• [WORK ORDER] In the output, include exactly the lines from the beginning of the records up to and including the one that contains "wall to 6ea27cd192d20010_F0_dwelling_3", and leave out the pictures.

• [SOURCE MATERIAL]
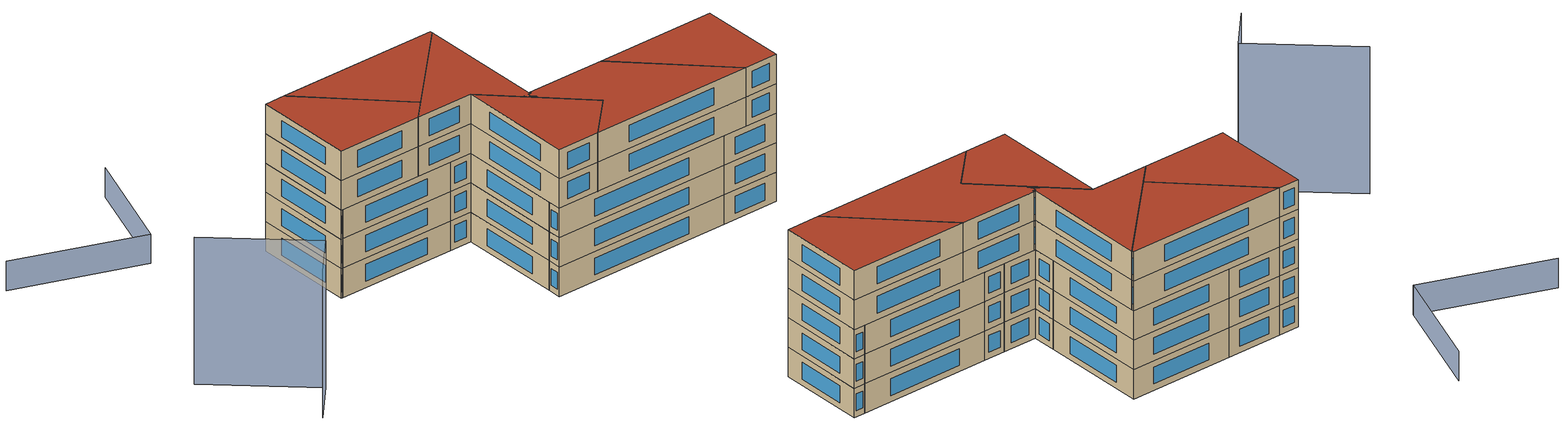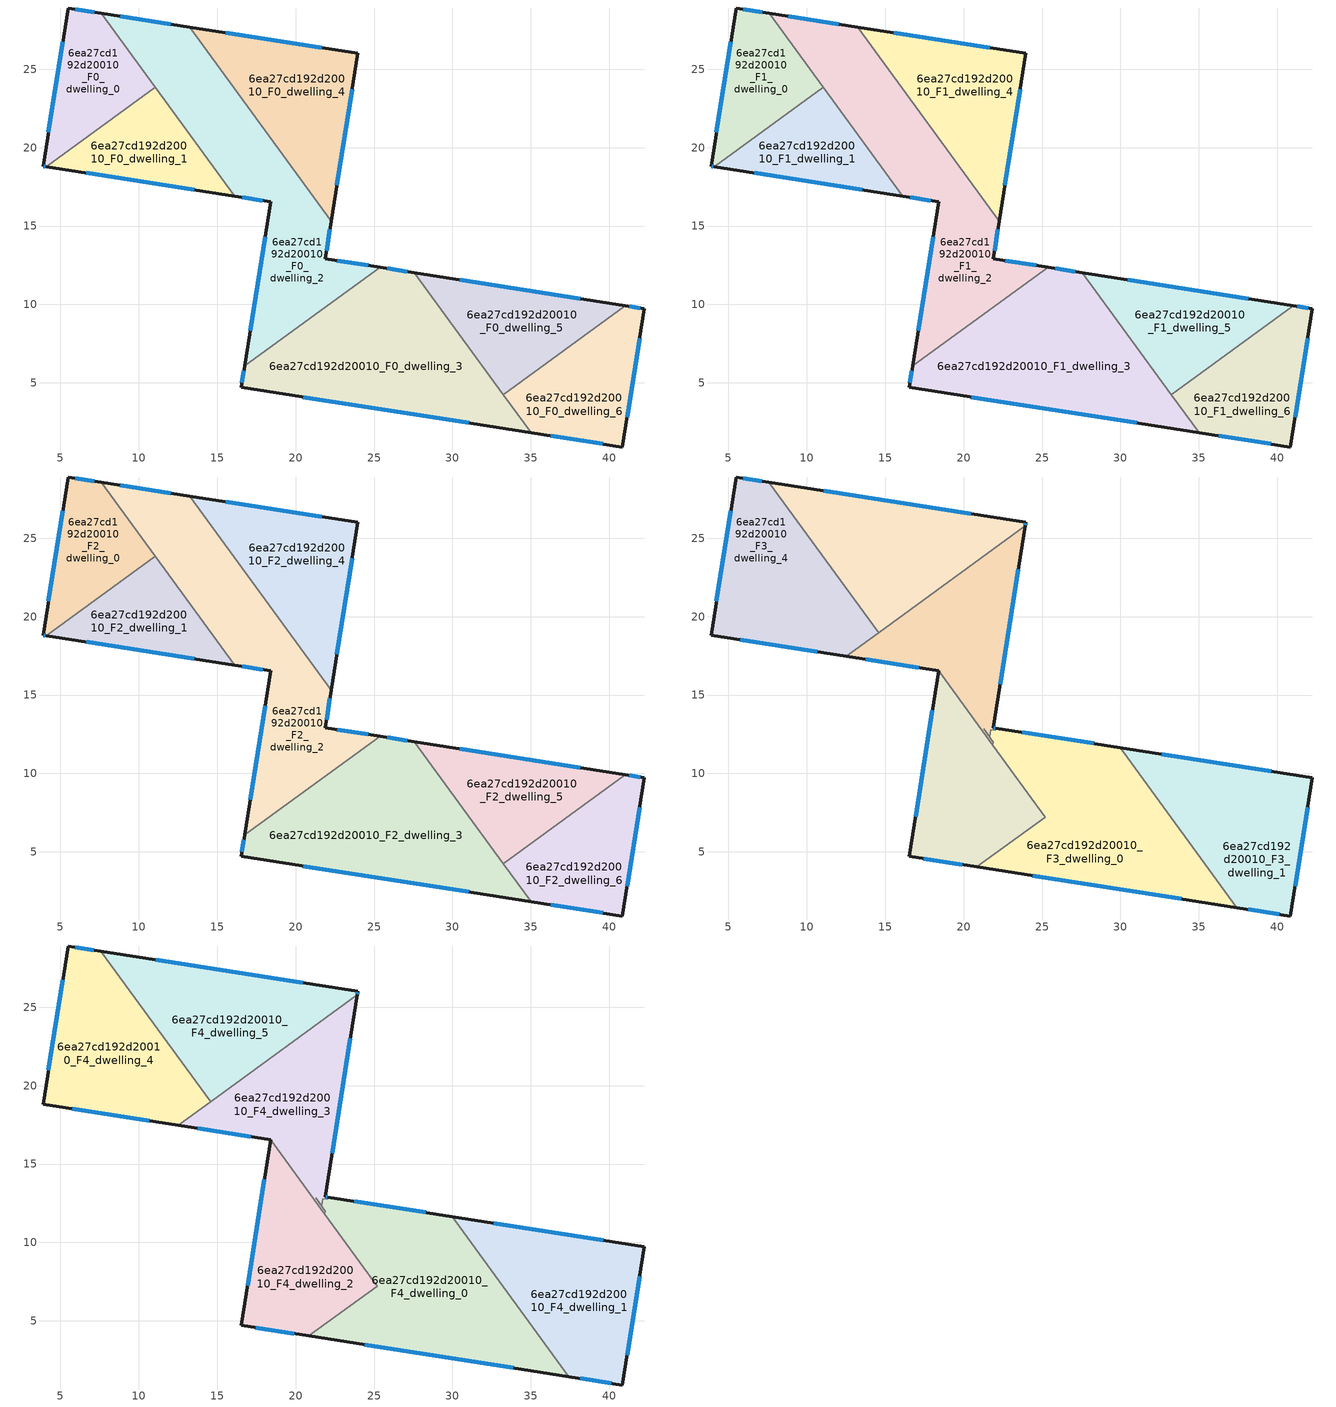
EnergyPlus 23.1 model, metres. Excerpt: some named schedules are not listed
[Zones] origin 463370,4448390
6ea27cd192d20010_F0_dwelling_0
 floor ground (EU_floor_Construction): 7.62,28.57 11.05,23.86 4.09,18.79 3.9,18.82 5.49,28.9 z0
 wall outside (EU_wall_Construction): 7.62,28.57 5.49,28.9 3.9,18.82 4.09,18.79 z0:3
 wall to 6ea27cd192d20010_F0_dwelling_1 (EU_wall_Construction): 4.09,18.79 11.05,23.86 z0:3
 wall to 6ea27cd192d20010_F0_dwelling_2 (EU_wall_Construction): 11.05,23.86 7.62,28.57 z0:3
 window (EU_Window_Construction): 3.94,18.81 4.05,18.8 / 5.15,26.74 4.24,20.98 / 7.16,28.64 5.95,28.83 z0.64:2.36
6ea27cd192d20010_F0_dwelling_1
 floor ground (EU_floor_Construction): 11.05,23.86 16.11,16.91 4.09,18.79 z0
 wall outside (EU_wall_Construction): 4.09,18.79 16.11,16.91 z0:3
 wall to 6ea27cd192d20010_F0_dwelling_2 (EU_wall_Construction): 16.11,16.91 11.05,23.86 z0:3
 window (EU_Window_Construction): 6.67,18.39 13.54,17.31 z0.64:2.36
6ea27cd192d20010_F0_dwelling_2
 floor ground (EU_floor_Construction): 13.25,27.68 22.27,15.3 21.9,12.92 25.38,12.37 16.75,6.08 18.41,16.55 16.11,16.91 7.62,28.57 z0
 wall outside (EU_wall_Construction): 16.11,16.91 18.41,16.55 16.75,6.08 / 13.25,27.68 7.62,28.57 / 25.38,12.37 21.9,12.92 22.27,15.3 z0:3
 wall to 6ea27cd192d20010_F0_dwelling_4 (EU_wall_Construction): 22.27,15.3 13.25,27.68 z0:3
 wall to 6ea27cd192d20010_F0_dwelling_3 (EU_wall_Construction): 16.75,6.08 25.38,12.37 z0:3
 window (EU_Window_Construction): 16.61,16.83 17.92,16.63 / 12.04,27.87 8.82,28.38 / 21.98,13.43 22.19,14.79 / 24.64,12.49 22.64,12.8 / 18.05,14.31 17.11,8.32 z0.64:2.36
6ea27cd192d20010_F0_dwelling_3
 floor ground (EU_floor_Construction): 27.58,12.03 35.01,1.83 16.54,4.72 16.75,6.08 25.38,12.37 z0
 wall outside (EU_wall_Construction): 16.75,6.08 16.54,4.72 35.01,1.83 / 27.58,12.03 25.38,12.37 z0:3
 wall to 6ea27cd192d20010_F0_dwelling_5 (EU_wall_Construction): 33.24,4.25 27.58,12.03 z0:3
 wall to 6ea27cd192d20010_F0_dwelling_6 (EU_wall_Construction): 35.01,1.83 33.24,4.25 z0:3
 window (EU_Window_Construction): 16.71,5.79 16.58,5.01 / 27.11,12.1 25.85,12.3 / 20.49,4.1 31.05,2.45 z0.64:2.36
6ea27cd192d20010_F0_dwelling_4
 floor ground (EU_floor_Construction): 23.96,26 22.27,15.3 13.25,27.68 z0
 wall outside (EU_wall_Construction): 22.27,15.3 23.96,26 13.25,27.68 z0:3
 window (EU_Window_Construction): 21.67,26.36 15.54,27.32 / 22.63,17.59 23.6,23.71 z0.64:2.36
6ea27cd192d20010_F0_dwelling_5
 floor ground (EU_floor_Construction): 41.02,9.92 33.24,4.25 27.58,12.03 z0
 wall outside (EU_wall_Construction): 41.02,9.92 27.58,12.03 z0:3
 wall to 6ea27cd192d20010_F0_dwelling_6 (EU_wall_Construction): 33.24,4.25 41.02,9.92 z0:3
 window (EU_Window_Construction): 38.14,10.37 30.46,11.58 z0.64:2.36
6ea27cd192d20010_F0_dwelling_6
 floor ground (EU_floor_Construction): 42.24,9.73 40.84,0.91 35.01,1.83 33.24,4.25 41.02,9.92 z0
 wall outside (EU_wall_Construction): 35.01,1.83 40.84,0.91 42.24,9.73 41.02,9.92 z0:3
 window (EU_Window_Construction): 41.98,9.77 41.28,9.88 / 41.14,2.8 41.94,7.84 / 36.26,1.63 39.59,1.11 z0.64:2.36
6ea27cd192d20010_F1_dwelling_0
 floor to 6ea27cd192d20010_F0_dwelling_0 (EU_floor_Construction): 7.62,28.57 11.05,23.86 4.09,18.79 3.9,18.82 5.49,28.9 z3
 wall outside (EU_wall_Construction): 7.62,28.57 5.49,28.9 3.9,18.82 4.09,18.79 z3:6
 wall to 6ea27cd192d20010_F1_dwelling_1 (EU_wall_Construction): 4.09,18.79 11.05,23.86 z3:6
 wall to 6ea27cd192d20010_F1_dwelling_2 (EU_wall_Construction): 11.05,23.86 7.62,28.57 z3:6
 window (EU_Window_Construction): 3.94,18.81 4.05,18.8 / 5.15,26.74 4.24,20.98 / 7.16,28.64 5.95,28.83 z3.64:5.36
6ea27cd192d20010_F1_dwelling_1
 floor to 6ea27cd192d20010_F0_dwelling_1 (EU_floor_Construction): 11.05,23.86 16.11,16.91 4.09,18.79 z3
 wall outside (EU_wall_Construction): 4.09,18.79 16.11,16.91 z3:6
 wall to 6ea27cd192d20010_F1_dwelling_2 (EU_wall_Construction): 16.11,16.91 11.05,23.86 z3:6
 window (EU_Window_Construction): 6.67,18.39 13.54,17.31 z3.64:5.36
6ea27cd192d20010_F1_dwelling_2
 floor to 6ea27cd192d20010_F0_dwelling_2 (EU_floor_Construction): 13.25,27.68 22.27,15.3 21.9,12.92 25.38,12.37 16.75,6.08 18.41,16.55 16.11,16.91 7.62,28.57 z3
 wall outside (EU_wall_Construction): 16.11,16.91 18.41,16.55 16.75,6.08 / 13.25,27.68 7.62,28.57 / 25.38,12.37 21.9,12.92 22.27,15.3 z3:6
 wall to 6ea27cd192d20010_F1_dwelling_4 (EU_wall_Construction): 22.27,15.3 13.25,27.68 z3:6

• [RESULT OF THIS EXERCISE]
EnergyPlus 23.1 model, metres. Excerpt: some named schedules are not listed
[Zones] origin 463370,4448390
6ea27cd192d20010_F0_dwelling_0
 floor ground (EU_floor_Construction): 7.62,28.57 11.05,23.86 4.09,18.79 3.9,18.82 5.49,28.9 z0
 wall outside (EU_wall_Construction): 7.62,28.57 5.49,28.9 3.9,18.82 4.09,18.79 z0:3
 wall to 6ea27cd192d20010_F0_dwelling_1 (EU_wall_Construction): 4.09,18.79 11.05,23.86 z0:3
 wall to 6ea27cd192d20010_F0_dwelling_2 (EU_wall_Construction): 11.05,23.86 7.62,28.57 z0:3
 window (EU_Window_Construction): 3.94,18.81 4.05,18.8 / 5.15,26.74 4.24,20.98 / 7.16,28.64 5.95,28.83 z0.64:2.36
6ea27cd192d20010_F0_dwelling_1
 floor ground (EU_floor_Construction): 11.05,23.86 16.11,16.91 4.09,18.79 z0
 wall outside (EU_wall_Construction): 4.09,18.79 16.11,16.91 z0:3
 wall to 6ea27cd192d20010_F0_dwelling_2 (EU_wall_Construction): 16.11,16.91 11.05,23.86 z0:3
 window (EU_Window_Construction): 6.67,18.39 13.54,17.31 z0.64:2.36
6ea27cd192d20010_F0_dwelling_2
 floor ground (EU_floor_Construction): 13.25,27.68 22.27,15.3 21.9,12.92 25.38,12.37 16.75,6.08 18.41,16.55 16.11,16.91 7.62,28.57 z0
 wall outside (EU_wall_Construction): 16.11,16.91 18.41,16.55 16.75,6.08 / 13.25,27.68 7.62,28.57 / 25.38,12.37 21.9,12.92 22.27,15.3 z0:3
 wall to 6ea27cd192d20010_F0_dwelling_4 (EU_wall_Construction): 22.27,15.3 13.25,27.68 z0:3
 wall to 6ea27cd192d20010_F0_dwelling_3 (EU_wall_Construction): 16.75,6.08 25.38,12.37 z0:3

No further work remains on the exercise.